Toyota et Alpine nous ont offert un joli duel à distance, avec une stratégie décalée pour l’Alpine et une part de suspense conservée jusqu’au bout, un petit doute quant à un dernier arrêt « éclair » de la Toyota de tête subsistant jusqu’à quelques minutes de la fin (qui n’aura finalement pas eu lieu).
Quels enseignements tirer de ce premier rendez-vous ?
Si les Hypercar se sont montrées logiquement les plus rapides en piste lors de la course, une analyse un peu plus fine des temps secteur par secteur en qualifications laisse apparaitre une donnée très intéressante : les Hypercar font la différence sur les secteurs 1 et 3, les plus rapides (pour rappel, le secteur 1 à SPA va de la ligne de départ jusqu’au freinage des Combes, et le secteur 3 va du virage Stavelot à l’arrivée). Cela ne laisse aucun doute sur la domination des Hypercar pour les 24h du Mans, du moins pour ce qui est de la performance pure.
Par contre, sur le secteur 2, bien plus sinueux, les LMh se placent 5, 9 et 11e, au milieu des LMP2. Pour le meeting de Portimaõ, sur un circuit plus sinueux qui offre beaucoup moins de zones en pleine charge, on peut légitimement imaginer des LMP2 beaucoup plus proches des LMh en performances, avec en ligne de mire une remise en question de la hiérarchie !
Certains observateurs ont pensé voir Toyota cacher son jeu à SPA (pour éviter de subir une BoP défavorable pour les 24h du Mans ?).

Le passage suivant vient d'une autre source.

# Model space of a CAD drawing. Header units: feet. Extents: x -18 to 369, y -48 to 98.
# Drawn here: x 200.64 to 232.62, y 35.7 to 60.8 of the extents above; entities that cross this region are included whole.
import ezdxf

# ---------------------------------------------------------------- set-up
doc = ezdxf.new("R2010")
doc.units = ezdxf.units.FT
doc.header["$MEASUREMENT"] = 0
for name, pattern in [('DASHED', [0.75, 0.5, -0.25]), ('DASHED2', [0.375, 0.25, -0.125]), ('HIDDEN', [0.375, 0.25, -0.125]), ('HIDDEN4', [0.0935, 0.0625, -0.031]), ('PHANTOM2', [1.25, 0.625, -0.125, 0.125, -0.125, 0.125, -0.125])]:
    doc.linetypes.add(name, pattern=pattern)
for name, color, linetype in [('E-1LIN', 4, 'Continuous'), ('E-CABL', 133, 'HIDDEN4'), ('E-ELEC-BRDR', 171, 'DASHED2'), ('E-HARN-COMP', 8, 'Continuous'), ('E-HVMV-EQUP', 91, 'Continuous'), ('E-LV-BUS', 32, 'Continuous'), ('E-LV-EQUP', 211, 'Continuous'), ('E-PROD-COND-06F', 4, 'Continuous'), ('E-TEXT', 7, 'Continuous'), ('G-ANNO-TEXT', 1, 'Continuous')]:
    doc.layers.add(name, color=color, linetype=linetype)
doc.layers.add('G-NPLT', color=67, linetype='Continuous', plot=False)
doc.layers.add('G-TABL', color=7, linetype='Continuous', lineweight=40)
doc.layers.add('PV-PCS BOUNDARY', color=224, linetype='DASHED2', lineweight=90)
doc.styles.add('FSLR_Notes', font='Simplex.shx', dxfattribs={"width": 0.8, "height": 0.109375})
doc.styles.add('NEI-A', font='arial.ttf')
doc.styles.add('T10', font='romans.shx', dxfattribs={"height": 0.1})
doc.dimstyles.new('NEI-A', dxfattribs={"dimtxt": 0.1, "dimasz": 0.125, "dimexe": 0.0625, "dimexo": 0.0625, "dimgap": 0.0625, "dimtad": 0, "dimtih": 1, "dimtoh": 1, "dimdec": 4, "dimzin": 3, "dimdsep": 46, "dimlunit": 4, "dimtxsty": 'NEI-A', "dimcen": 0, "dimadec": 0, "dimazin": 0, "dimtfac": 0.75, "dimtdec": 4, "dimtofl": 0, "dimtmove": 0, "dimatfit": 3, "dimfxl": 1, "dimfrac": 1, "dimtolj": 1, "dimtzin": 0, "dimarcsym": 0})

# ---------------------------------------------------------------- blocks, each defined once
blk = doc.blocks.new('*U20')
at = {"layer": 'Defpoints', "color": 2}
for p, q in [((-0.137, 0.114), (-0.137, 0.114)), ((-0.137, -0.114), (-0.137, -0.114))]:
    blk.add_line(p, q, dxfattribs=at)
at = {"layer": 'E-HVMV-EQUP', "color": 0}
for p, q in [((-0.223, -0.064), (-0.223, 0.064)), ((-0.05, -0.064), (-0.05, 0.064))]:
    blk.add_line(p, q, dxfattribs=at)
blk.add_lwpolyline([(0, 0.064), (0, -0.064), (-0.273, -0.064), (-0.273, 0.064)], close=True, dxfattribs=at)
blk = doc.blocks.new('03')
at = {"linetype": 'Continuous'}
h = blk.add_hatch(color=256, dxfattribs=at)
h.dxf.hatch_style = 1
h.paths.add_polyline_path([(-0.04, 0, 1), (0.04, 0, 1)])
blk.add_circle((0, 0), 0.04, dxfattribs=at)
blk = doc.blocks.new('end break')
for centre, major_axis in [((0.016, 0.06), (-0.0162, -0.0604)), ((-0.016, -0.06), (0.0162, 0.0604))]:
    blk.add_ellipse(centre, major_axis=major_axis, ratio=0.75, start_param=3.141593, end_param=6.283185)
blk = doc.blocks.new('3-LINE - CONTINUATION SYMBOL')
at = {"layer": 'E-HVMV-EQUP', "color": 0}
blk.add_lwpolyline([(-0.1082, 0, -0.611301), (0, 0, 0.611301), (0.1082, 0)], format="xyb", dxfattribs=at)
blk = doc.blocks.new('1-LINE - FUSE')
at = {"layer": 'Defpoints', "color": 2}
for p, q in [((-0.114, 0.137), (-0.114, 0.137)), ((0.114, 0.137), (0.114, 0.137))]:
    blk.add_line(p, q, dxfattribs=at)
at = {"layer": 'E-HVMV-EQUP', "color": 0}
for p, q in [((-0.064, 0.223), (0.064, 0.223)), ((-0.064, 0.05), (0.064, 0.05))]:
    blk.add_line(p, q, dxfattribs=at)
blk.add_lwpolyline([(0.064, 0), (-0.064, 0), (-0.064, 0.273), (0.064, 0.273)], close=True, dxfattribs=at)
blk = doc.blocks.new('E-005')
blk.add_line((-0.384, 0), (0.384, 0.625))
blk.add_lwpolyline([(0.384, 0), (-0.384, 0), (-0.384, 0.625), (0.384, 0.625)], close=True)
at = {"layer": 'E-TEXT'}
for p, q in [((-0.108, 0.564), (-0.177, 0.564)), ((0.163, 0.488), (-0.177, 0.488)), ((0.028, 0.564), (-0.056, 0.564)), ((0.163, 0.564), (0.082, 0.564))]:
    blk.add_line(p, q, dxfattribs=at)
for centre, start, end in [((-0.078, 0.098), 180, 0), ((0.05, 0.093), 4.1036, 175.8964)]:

Si les LMP2 sont effectivement trop proches voir plus rapides pour cette deuxième course de l’histoire de l’Hypercar, ils n’auront d’autre choix que de sortir du bois et montrer les réelles capacités de leur machine … Si toutefois ils ont réellement caché leur jeu ! D’autant que Glyckenhaus sera présent avec, espérons-le, une grosse concurrence à offrir aux Toyota.
Sur ce secteur 2 en particulier, on pouvait également observer les meilleurs LM GTE Pro concurrencer et même dépasser les moins rapides des LMP2 (en particulier lorsqu’un pilote amateur était au volant – Esteban Garcia a d’ailleurs vécu plusieurs sueurs froides dans ses duels lors du premier quart d’heure de course…)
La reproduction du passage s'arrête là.